The key is do not try to swing harder into the wind. Concentrate on solid ball striking. Also, lower your scoring expectations on a windy day. I have had some great rounds, a few strokes over par on windy days. Simply because I did not put a lot of pressure on myself to score well. Then it just happened! :thumbsup: GOOD LUCK


----------



## 300Yards (Jan 23, 2007)

Yeah, that's good advice. Usually on longer distances,(let's say 3 wood distance.) I'll try to hit a stinger 3 iron into the wind, and try to roll it to a good layup distance. You may do better to hit the 3 iron,, Hybrid, or 3 wood off the tee, and kep the trajectory lower.. Hard to say, haven't seen your swing, and am unsure of your capabilities. On shorter holes, like Par 3s, I'll usually go 1 or two clubs down, swing easier, and keep the trajectory a bit lower, and let the ball roll onto the green. Into the wind, on longer holes, don't try to nail the green, just try to land it an area that leaves you a safe second shot to approach, or land on, the green.

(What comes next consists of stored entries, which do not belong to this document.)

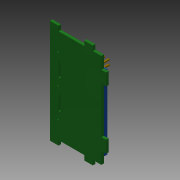
# Autodesk Inventor part: Microcontroller_board_Nano_square
Saved by Autodesk Inventor 2016 (Build 200138000, 138)
## iProperties
Created: 2014-12-25
Part Number: Microcontroller_board_Nano_square
Material: ABS Plastic
Document SubType Name: Modeling
Designer: Openlab
Density: 1.06 g/cm^3
Appearance: Smooth - Dark Forest Green
Mass: 9.08054 g
Surface Area: 59.127 cm^2
Volume: 8.56654 cm^3
Author: Openlab
Autodesk Inventor part; units mm, degrees
ref_plane "YZ Plane" through (0, 0, 0) normal (1, 0, 0) x (0, 1, 0)
ref_plane "XZ Plane" through (0, 0, 0) normal (0, 1, 0) x (-1, 0, 0)
ref_plane "XY Plane" through (0, 0, 0) normal (0, 0, 1) x (1, 0, 0)
sketch "Sketch1" plane through (0, 0, 0) normal (0, 1, 0) x (-1, 0, 0)
  line L0 (15, 17.8107) -> (15, 41.4147) construction
  line L1 (30, 60.5) -> (30, 0)
  line L2 (25, 17.5) -> (25, 26)
  line L3 (25, 26) -> (24, 26)
  line L4 (24, 26) -> (24, 17.5)
  line L5 (24, 17.5) -> (25, 17.5)
  line L6 (24, 34.5) -> (25, 34.5)
  line L7 (25, 34.5) -> (25, 43)
  line L8 (25, 43) -> (24, 43)
  line L9 (24, 43) -> (24, 34.5)
  line L10 (25, 57.75) -> (25, 60.5)
  line L11 (25, 60.5) -> (30, 60.5)
  line L12 (10, 57.75) -> (10, 60.5)
  line L13 (25, 57.75) -> (10, 57.75)
  line L14 (25, 2.75) -> (25, 0)
  line L15 (25, 0) -> (30, 0)
  line L16 (10, 2.75) -> (10, 0)
  line L17 (25, 2.75) -> (10, 2.75)
  line L18 (0, 50.75) -> (-2.75, 50.75)
  line L19 (-2.75, 50.75) -> (-2.75, 43.75)
  line L20 (-2.75, 43.75) -> (0, 43.75)
  line L21 (0, 16.75) -> (-2.75, 16.75)
  line L22 (-2.75, 16.75) -> (-2.75, 9.75)
  line L23 (-2.75, 9.75) -> (0, 9.75)
  line L24 (17.3275, 30.25) -> (11.5049, 30.25) construction
  line L25 (0, 50.75) -> (0, 57.75)
  line L26 (0, 2.75) -> (0, 9.75)
  line L27 (0, 16.75) -> (0, 43.75)
  line L28 (10, 0) -> (5, 0)
  line L29 (5, 0) -> (5, 2.75)
  line L30 (5, 2.75) -> (0, 2.75)
  line L31 (10, 60.5) -> (5, 60.5)
  line L32 (5, 60.5) -> (5, 57.75)
  line L33 (5, 57.75) -> (0, 57.75)
  point P0 (0, 0)
  point P1 (0, 0)
  point P2 (0, 0)
  point P3 (0, 0)
  point P4 (0, 0)
  point P5 (25.5, 47.25)
  point P6 (25.5, 30.25)
  point P7 (25.5, 13.25)
  dimension "d151" = 8.5
  dimension "d153" = 1
  dimension "d155" = 5
  dimension "d159" = 17
  dimension "d160" = 17
  dimension "d161" = 4.25
  dimension "d162" = 4.25
  dimension "d176" = 4.5
  dimension "d177" = 5
  dimension "d179" = 55
  dimension "d180" = 2.75
  dimension "d182" = 7
  dimension "d183" = 7
  dimension "d184" = 30
  constraints: 68 end point, 19 perpendicular, 12 equal length, 7 horizontal, 5 collinear, 5 point on line, 4 coincident, 4 vertical, 2 parallel, 2 vertical alignment, 3 other
  measures "d151" distance of L8.end L6.start
  measures "d153" distance of L7.end L8.end
  measures "d155" distance between parallel lines of L1 L7
  measures "d159" distance of point (25.5, 30.25) point (25.5, 47.25)
  measures "d160" distance of point (25.5, 13.25) point (25.5, 30.25)
  measures "d161" distance from line of L8 point (25.5, 47.25)
  measures "d162" distance from line of point (25.5, 30.25) L3
  measures "d176" distance from line of L1 point (25.5, 13.25)
  measures "d177" distance of L10.end L1.start
  measures "d179" distance between parallel lines of L17 L13
  measures "d180" distance of L12.start L12.end
  measures "d182" distance between parallel lines of L18 L13
  measures "d183" distance of L18.end L19.end
  measures "d184" distance between parallel lines of L25 L1
extrude "Extrusion1" add sketch "Sketch1" against normal blind 1.5
hole "Hole1" at (-25.5, 0, 47.25) at (-25.5, 0, 30.25) at (-25.5, 0, 13.25) direction (0, -1, 0) diameter 1 end through all
sketch "Sketch4" plane through (0, 0, 0) normal (0, 1, 0) x (1, 0, 0)
  line L0 (-3, -46.55) -> (-3, -3.25)
  line L1 (-3, -3.25) -> (-21, -3.25)
  line L2 (-21, -3.25) -> (-21, -46.55)
  line L3 (-21, -46.55) -> (-3, -46.55)
  line L4 (-25, -2.75) -> (-10, -2.75) projected
  line L5 (-10, -2.75) -> (-25, -2.75) projected
  line L6 (0, -43.75) -> (0, -16.75) projected
  point P0 (0, 0)
  dimension "d188" = 43.3
  dimension "d189" = 18
  dimension "d190" = 3
  dimension "d212" = 0.5
  constraints: 8 end point, 2 vertical, 1 parallel, 1 perpendicular
  measures "d188" distance of L0.start L0.end
  measures "d189" distance of L0.end L1.end
  measures "d190" distance between parallel lines of L6 L0
  measures "d212" distance between parallel lines of L4 L1
extrude "Extrusion11" add sketch "Sketch4" along normal blind 5
sketch "Sketch6" plane through (0, 5, 0) normal (0, 1, 0) x (1, 0, 0)
  line L0 (-17.0504, -18.7342) -> (-12.1007, -13.7844)
  line L1 (-12.1007, -13.7844) -> (-7.1509, -18.7342)
  line L2 (-7.1509, -18.7342) -> (-12.1007, -23.6839)
  line L3 (-12.1007, -23.6839) -> (-17.0504, -18.7342)
  point P0 (0, 0)
  dimension "d198" = 7
  dimension "d199" = 7
  constraints: 8 end point, 2 parallel, 1 perpendicular
  measures "d198" distance of L1.end L2.end
  measures "d199" distance of L0.end L1.end
extrude "Extrusion13" add sketch "Sketch6" along normal blind 2
sketch "Sketch7" plane through (0, 5, 0) normal (0, 1, 0) x (1, 0, 0)
  line L0 (-15.6959, -40.3292) -> (-8.6959, -40.3292)
  line L1 (-8.6959, -40.3292) -> (-8.6959, -45.3292)
  line L2 (-8.6959, -45.3292) -> (-15.6959, -45.3292)
  line L3 (-15.6959, -45.3292) -> (-15.6959, -40.3292)
  point P0 (0, 0)
  dimension "d202" = 7
  dimension "d203" = 5
  constraints: 8 end point, 2 parallel, 1 horizontal, 1 perpendicular
  measures "d202" distance of L1.end L2.end
  measures "d203" distance of L2.end L0.start
extrude "Extrusion14" add sketch "Sketch7" along normal blind 2.5
sketch "Sketch8" plane through (0, 7.5, 0) normal (0, 1, 0) x (1, 0, 0)
  line L0 (-15.3142, -41.2282) -> (-14.6142, -41.2282)
  line L1 (-14.6142, -41.2282) -> (-14.6142, -41.9282)
  line L2 (-14.6142, -41.9282) -> (-15.3142, -41.9282)
  line L3 (-15.3142, -41.9282) -> (-15.3142, -41.2282)
  line L4 (-15.3142, -43.9282) -> (-14.6142, -43.9282)
  line L5 (-14.6142, -43.9282) -> (-14.6142, -44.6282)
  line L6 (-14.6142, -44.6282) -> (-15.3142, -44.6282)
  line L7 (-15.3142, -44.6282) -> (-15.3142, -43.9282)
  line L8 (-12.6142, -41.2282) -> (-11.9142, -41.2282)
  line L9 (-11.9142, -41.2282) -> (-11.9142, -41.9282)
  line L10 (-11.9142, -41.9282) -> (-12.6142, -41.9282)
  line L11 (-12.6142, -41.9282) -> (-12.6142, -41.2282)
  line L12 (-12.6142, -43.9282) -> (-11.9142, -43.9282)
  line L13 (-11.9142, -43.9282) -> (-11.9142, -44.6282)
  line L14 (-11.9142, -44.6282) -> (-12.6142, -44.6282)
  line L15 (-12.6142, -44.6282) -> (-12.6142, -43.9282)
  line L16 (-9.9142, -41.2282) -> (-9.2142, -41.2282)
  line L17 (-9.2142, -41.2282) -> (-9.2142, -41.9282)
  line L18 (-9.2142, -41.9282) -> (-9.9142, -41.9282)
  line L19 (-9.9142, -41.9282) -> (-9.9142, -41.2282)
  line L20 (-9.9142, -43.9282) -> (-9.2142, -43.9282)
  line L21 (-9.2142, -43.9282) -> (-9.2142, -44.6282)
  line L22 (-9.2142, -44.6282) -> (-9.9142, -44.6282)
  line L23 (-9.9142, -44.6282) -> (-9.9142, -43.9282)
  point P0 (0, 0)
  dimension "d206" = 0.7
  dimension "d207" = 2
  dimension "d208" = 2
  dimension "d209" = 2
  constraints: 48 end point, 12 parallel, 10 point on line, 6 equal length, 6 horizontal, 6 perpendicular, 2 collinear
  measures "d206" distance of L0.start L0.end
  measures "d207" distance between parallel lines of L4 L2
  measures "d208" distance between parallel lines of L11 L1
  measures "d209" distance between parallel lines of L19 L9
extrude "Extrusion15" add sketch "Sketch8" along normal blind 5
sketch "Sketch9" plane through (-3, 0, 3.25) normal (0, 0, -1) x (-1, 0, 0)
  line L0 (12.75, 8.5) -> (5.25, 8.5)
  line L1 (5.25, 8.5) -> (5.25, 5)
  line L2 (5.25, 5) -> (12.75, 5)
  line L3 (12.75, 5) -> (12.75, 8.5)
  line L4 (9, 5.7242) -> (9, 7.4058) construction
  line L5 (18, 0) -> (18, 5) projected
  line L6 (0, 5) -> (18, 5) projected
  point P0 (-3, 0)
  dimension "d213" = 7.5
  dimension "d214" = 3.5
  dimension "d215" = 9
  constraints: 10 end point, 2 parallel, 1 collinear, 1 horizontal, 1 perpendicular, 1 vertical, 1 other
  measures "d213" distance of L0.start L0.end
  measures "d214" distance of L2.end L0.start
  measures "d215" distance between parallel lines of L5 L4
extrude "Extrusion16" add sketch "Sketch9" along normal blind 2 and the other way blind 7
sketch "Sketch15" plane through (-3, 0, 1.25) normal (0, 0, -1) x (-1, 0, 0)
  line L0 (12.25, 8.25) -> (5.75, 8.25)
  line L1 (5.75, 8.25) -> (5.75, 5.25)
  line L2 (5.75, 5.25) -> (12.25, 5.25)
  line L3 (12.25, 5.25) -> (12.25, 8.25)
  line L4 (5.25, 8.5) -> (5.25, 5) projected
  line L5 (12.75, 8.5) -> (5.25, 8.5) projected
  point P0 (-3, 0)
  dimension "d242" = 6.5
  dimension "d243" = 3
  dimension "d244" = 0.5
  dimension "d245" = 0.25
  constraints: 8 end point, 2 parallel, 1 horizontal, 1 perpendicular
  measures "d242" distance of L0.start L0.end
  measures "d243" distance of L2.end L0.start
  measures "d244" distance between parallel lines of L4 L1
  measures "d245" distance between parallel lines of L0 L5
extrude "Extrusion20" cut sketch "Sketch15" against normal blind 5
body "Solid1"

Against the wind(Par 3s), I go 1 or two clubs higher, and try to hit a high shot to stick the green. On longer holes, I just tee it high, and let it fly. Except if it's a reachable Par 4, then I high it high, and go 1 club higher. Wind is tricky.. but the key is to not get too crazy, and control your swing. Being overly agressive will cost you if the wind is blowing steadily.


----------



## 65nlovenit (Dec 8, 2006)

I was going to stick my 2 cents worth in, but as far as I'm concerned Golf Bum nailed it.


----------



## bjterry62 (Jun 12, 2007)

Best advice I can give is....

Next time the weather man says that the winds are going to be 25mph or better in your area, go out and play all day. The courses will not be crowded and you can experiment and see what works best for you. I've done this before and it's the best way to see what you should do in these circumstances.

BT


----------



## 373 (Jun 9, 2006)

Certain times of year, we have a pretty consistant winds around our courses in Miami, about October through March.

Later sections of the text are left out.